### [What you have to do]
Everything from the line containing "2015-08-20 I2C sample code update" through the final line of the entries below should be repeated exactly, and nothing else.
────────────────
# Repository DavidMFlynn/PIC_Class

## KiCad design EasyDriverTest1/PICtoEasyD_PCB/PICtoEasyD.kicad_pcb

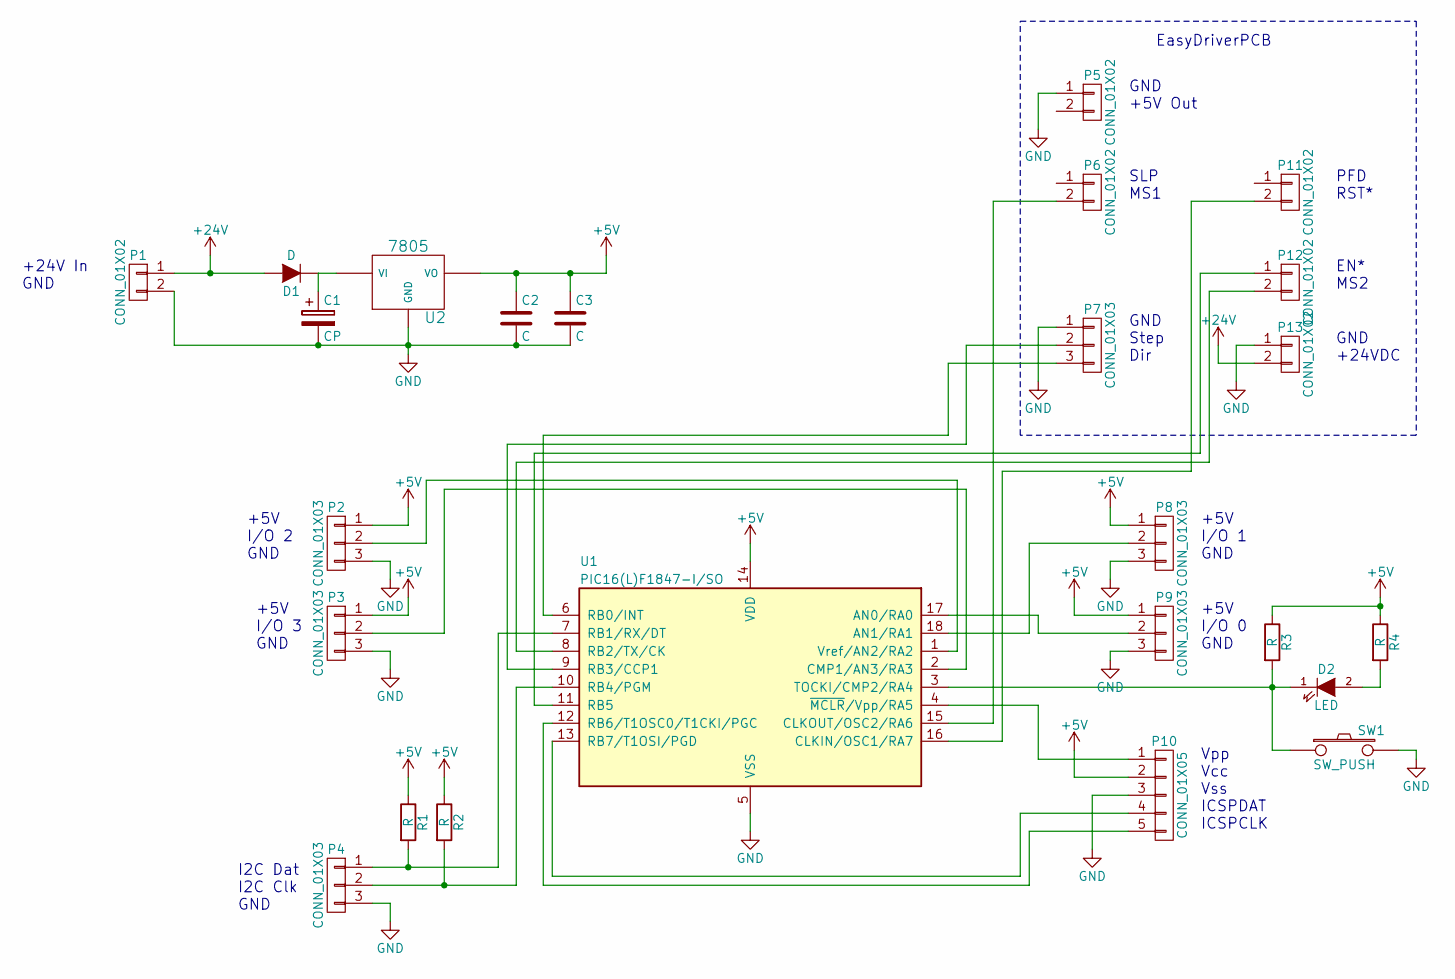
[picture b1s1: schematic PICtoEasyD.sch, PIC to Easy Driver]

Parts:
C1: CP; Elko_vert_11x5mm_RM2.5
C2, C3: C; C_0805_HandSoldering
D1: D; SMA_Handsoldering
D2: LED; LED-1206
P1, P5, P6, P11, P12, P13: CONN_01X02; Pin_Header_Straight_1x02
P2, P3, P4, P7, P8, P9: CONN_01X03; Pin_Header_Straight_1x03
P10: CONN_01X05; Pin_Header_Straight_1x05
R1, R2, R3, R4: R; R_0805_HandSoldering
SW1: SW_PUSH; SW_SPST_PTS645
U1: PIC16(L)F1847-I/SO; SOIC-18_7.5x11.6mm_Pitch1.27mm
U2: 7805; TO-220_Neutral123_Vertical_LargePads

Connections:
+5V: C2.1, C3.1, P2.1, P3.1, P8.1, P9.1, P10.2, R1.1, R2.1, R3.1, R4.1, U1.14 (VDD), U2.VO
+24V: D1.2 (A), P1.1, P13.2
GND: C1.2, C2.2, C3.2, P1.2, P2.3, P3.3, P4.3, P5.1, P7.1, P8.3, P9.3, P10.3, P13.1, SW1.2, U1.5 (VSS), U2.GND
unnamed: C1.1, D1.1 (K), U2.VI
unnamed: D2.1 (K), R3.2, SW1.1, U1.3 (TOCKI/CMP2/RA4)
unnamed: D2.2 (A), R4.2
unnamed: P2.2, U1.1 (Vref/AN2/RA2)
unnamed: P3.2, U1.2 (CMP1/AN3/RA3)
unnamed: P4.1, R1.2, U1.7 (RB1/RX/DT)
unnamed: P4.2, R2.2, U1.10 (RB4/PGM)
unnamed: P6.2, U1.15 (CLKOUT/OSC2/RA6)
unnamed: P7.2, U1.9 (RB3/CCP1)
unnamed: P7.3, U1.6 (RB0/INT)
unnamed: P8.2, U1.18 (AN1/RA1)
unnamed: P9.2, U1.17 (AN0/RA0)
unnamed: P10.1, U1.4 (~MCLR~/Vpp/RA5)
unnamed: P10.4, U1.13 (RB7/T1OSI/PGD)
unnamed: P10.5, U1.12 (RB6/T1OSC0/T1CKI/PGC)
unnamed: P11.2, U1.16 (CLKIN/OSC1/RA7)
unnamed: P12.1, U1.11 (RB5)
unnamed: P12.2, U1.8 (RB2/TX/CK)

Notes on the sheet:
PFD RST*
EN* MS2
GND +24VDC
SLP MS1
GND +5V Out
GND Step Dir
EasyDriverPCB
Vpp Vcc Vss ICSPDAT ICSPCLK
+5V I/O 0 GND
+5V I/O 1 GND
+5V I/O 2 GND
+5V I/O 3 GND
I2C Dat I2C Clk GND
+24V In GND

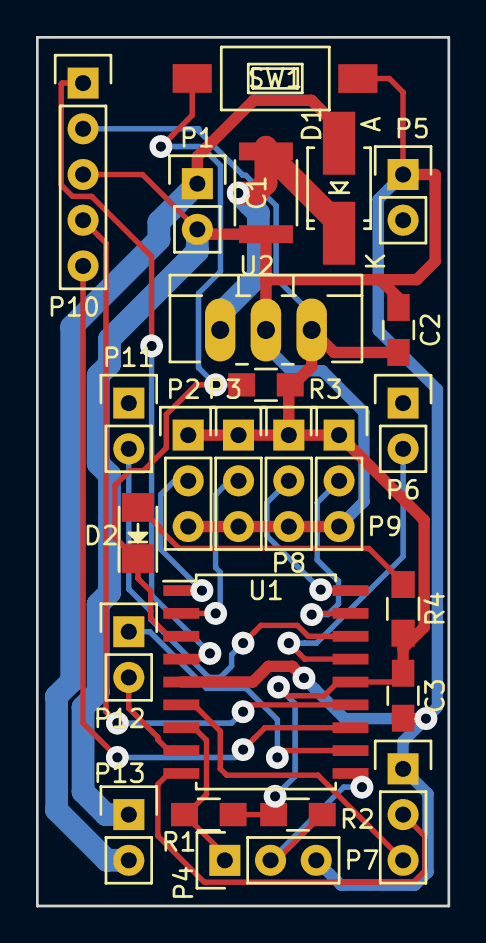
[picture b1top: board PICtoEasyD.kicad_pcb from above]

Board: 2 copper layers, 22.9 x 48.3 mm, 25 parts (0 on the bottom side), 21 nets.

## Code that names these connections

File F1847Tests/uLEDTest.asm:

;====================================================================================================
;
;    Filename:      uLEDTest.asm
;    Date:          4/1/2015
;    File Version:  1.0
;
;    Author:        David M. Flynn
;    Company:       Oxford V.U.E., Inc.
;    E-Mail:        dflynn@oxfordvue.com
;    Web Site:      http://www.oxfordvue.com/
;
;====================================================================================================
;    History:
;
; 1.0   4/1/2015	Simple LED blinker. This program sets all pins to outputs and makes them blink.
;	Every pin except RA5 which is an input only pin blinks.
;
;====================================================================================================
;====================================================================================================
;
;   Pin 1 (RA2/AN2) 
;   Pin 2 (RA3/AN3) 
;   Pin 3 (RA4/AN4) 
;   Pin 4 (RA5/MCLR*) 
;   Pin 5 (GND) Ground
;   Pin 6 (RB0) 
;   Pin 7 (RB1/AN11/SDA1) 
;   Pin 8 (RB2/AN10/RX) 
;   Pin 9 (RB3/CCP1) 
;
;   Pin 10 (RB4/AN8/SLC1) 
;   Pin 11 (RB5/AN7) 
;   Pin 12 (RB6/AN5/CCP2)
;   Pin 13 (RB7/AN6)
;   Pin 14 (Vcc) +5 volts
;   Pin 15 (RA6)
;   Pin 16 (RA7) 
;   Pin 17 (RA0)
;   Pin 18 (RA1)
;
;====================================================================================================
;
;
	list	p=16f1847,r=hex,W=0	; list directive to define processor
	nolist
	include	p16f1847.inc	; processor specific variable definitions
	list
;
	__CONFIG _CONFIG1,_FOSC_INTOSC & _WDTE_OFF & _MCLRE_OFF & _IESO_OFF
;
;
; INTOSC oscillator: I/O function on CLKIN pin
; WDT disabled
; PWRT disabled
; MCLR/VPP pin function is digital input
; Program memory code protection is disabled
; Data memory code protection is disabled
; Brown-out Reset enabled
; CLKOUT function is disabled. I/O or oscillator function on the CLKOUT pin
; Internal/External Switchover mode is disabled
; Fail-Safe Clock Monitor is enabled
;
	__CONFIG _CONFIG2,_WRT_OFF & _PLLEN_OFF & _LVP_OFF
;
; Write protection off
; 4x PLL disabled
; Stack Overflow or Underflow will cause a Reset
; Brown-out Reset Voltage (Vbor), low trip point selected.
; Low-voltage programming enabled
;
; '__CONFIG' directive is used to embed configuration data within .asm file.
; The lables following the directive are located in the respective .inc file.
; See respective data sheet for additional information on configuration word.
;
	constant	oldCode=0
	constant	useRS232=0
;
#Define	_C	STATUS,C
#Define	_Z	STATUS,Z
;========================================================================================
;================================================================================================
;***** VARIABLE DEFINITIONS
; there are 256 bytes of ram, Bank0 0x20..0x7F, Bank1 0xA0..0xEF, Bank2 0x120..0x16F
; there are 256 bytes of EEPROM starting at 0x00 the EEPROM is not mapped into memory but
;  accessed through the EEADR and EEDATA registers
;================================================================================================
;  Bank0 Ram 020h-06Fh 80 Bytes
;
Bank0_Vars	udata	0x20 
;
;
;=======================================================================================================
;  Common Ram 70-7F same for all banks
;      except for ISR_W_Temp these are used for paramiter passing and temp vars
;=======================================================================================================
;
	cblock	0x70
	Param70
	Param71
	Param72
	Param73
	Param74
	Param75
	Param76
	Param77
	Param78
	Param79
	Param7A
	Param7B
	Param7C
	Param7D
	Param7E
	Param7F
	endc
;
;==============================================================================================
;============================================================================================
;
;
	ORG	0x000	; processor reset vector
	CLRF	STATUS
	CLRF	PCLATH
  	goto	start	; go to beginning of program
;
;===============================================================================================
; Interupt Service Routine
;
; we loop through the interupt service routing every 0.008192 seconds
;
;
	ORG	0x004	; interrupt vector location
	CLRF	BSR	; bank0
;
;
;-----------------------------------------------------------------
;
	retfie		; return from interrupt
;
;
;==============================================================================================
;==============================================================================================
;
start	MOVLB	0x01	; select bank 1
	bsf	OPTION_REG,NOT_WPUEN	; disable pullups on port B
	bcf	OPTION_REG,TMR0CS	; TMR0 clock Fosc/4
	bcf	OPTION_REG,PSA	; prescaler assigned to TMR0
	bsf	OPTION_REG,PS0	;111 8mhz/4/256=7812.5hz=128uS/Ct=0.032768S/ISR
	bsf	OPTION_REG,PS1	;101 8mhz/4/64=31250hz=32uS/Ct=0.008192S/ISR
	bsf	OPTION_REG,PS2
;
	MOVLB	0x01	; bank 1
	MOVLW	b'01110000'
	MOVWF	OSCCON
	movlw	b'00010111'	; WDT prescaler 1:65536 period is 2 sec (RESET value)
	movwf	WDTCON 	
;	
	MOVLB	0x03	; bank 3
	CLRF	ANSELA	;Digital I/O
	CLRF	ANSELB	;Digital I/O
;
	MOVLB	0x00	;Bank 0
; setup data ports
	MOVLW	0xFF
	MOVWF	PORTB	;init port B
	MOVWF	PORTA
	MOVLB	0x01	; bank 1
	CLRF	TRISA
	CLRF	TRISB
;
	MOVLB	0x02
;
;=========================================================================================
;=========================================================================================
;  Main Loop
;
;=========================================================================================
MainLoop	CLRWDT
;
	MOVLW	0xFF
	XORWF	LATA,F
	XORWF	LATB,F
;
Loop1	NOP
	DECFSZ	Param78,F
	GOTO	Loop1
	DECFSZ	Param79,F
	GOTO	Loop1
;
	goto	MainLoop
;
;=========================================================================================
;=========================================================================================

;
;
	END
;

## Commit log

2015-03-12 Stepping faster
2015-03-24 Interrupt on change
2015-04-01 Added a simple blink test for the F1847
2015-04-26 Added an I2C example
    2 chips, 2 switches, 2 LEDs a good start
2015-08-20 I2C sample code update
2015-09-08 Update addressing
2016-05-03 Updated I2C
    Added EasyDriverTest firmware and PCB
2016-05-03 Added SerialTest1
────────────────
### [Answer for the task]
2015-08-20 I2C sample code update
2015-09-08 Update addressing
2016-05-03 Updated I2C
    Added EasyDriverTest firmware and PCB
2016-05-03 Added SerialTest1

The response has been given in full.